THE WORK

I was so determined to be productive. Determined to straddle myself atop of the work, to ride her bareback and send portentous messages of warning to anyone who got in the way. I wanted to dive in, to suffocate myself with this novel of mine and damn the musts, those hairy gremlins who inevitably rise up, powering their brigade with guilt and self-admonishment. Suffocation was easy under these determinants. I could not breathe. I could not sleep. I could not work. I bled out, failing to remember that I only needed to bring the right weapon, the appropriate tools to get the job done.

Don’t bring a cap pistol to a knife fight, I hear Joni Mitchell saying.

I know, it’s an odd and somewhat brutish trope for the creative process. How often are we lucky enough to respond with the right words, the right sentiment, to deliver the ego-less wisdom and the humility that certain situations call for? Conflict—inner or outer—can be dismantled neatly and efficiently with the appropriate response. But how do we know what the appropriate response is when there is an agenda in place, our agenda, that we are dearly attached to?

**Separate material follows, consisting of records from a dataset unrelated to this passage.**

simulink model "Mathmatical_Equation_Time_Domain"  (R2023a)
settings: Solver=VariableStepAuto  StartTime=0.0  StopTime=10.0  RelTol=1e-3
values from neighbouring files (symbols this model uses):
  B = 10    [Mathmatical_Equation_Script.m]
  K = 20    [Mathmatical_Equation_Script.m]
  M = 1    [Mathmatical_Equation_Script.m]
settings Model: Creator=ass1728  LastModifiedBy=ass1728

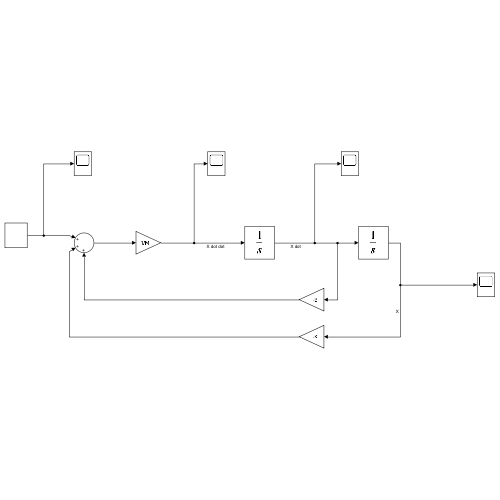
[thumbnail: Simulink's stored preview of the top-level diagram]
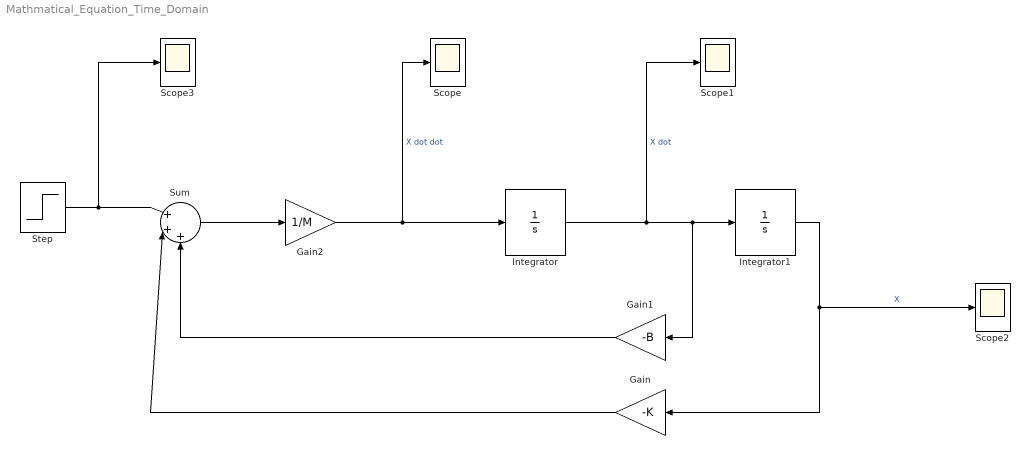
== system Mathmatical_Equation_Time_Domain ==
  Gain : Gain  Gain=-K
  Gain1 : Gain  Gain=-B
  Gain2 : Gain  Gain=1/M
  Integrator : Integrator
  Integrator1 : Integrator
  Scope{,1..3} (4 alike) : Scope
  Step : Step  SampleTime=0
  Sum : Sum  Inputs=|+++
  wires:
  Integrator/1 -> Scope1/1, Gain1/1, Integrator1/1  "X dot"
  Integrator1/1 -> Gain/1, Scope2/1  "X"
  Gain1/1 -> Sum/3
  Gain/1 -> Sum/2
  Sum/1 -> Gain2/1
  Gain2/1 -> Scope/1, Integrator/1  "X dot dot"
  Step/1 -> Scope3/1, Sum/1

So there we were: Southwest Harbor, Maine. It was July 2nd, and my husband Michael and I were looking at five days of FREE room and board, thanks to a friend of Michael’s who was going out of town and offered her abode to us for a ‘retreat.’ As anyone with two brain cells to rub together knows, summer in Maine is an exquisite experience. Mt. Desert Island? All we need are groceries? July 4th week? Wow! I felt like I had won the lottery and the toaster. We secured our bikes to the Subaru and drove north, taking our time and unwinding from a busy week-end of moving me out of my old office space.

Acadia Mountain
Acadia Mountain, Mount Desert Island, Maine

Because I had closed my office to take a “sabbatical” [this word is in quotes because I feel like professors are the only ones allowed to use this term], I thought that the home of a very successful playwright would be the perfect setting to usher in the shiny new commitment for finishing my novel. Not finishing the entire thing, there in Southwest Harbor, just commencing the finishing. I was close, and as the bing-bong bell of awareness clanged in my brain, reminding me that I was approaching the anniversary of attaining my MFA, I sensed an urgency that I had never felt before.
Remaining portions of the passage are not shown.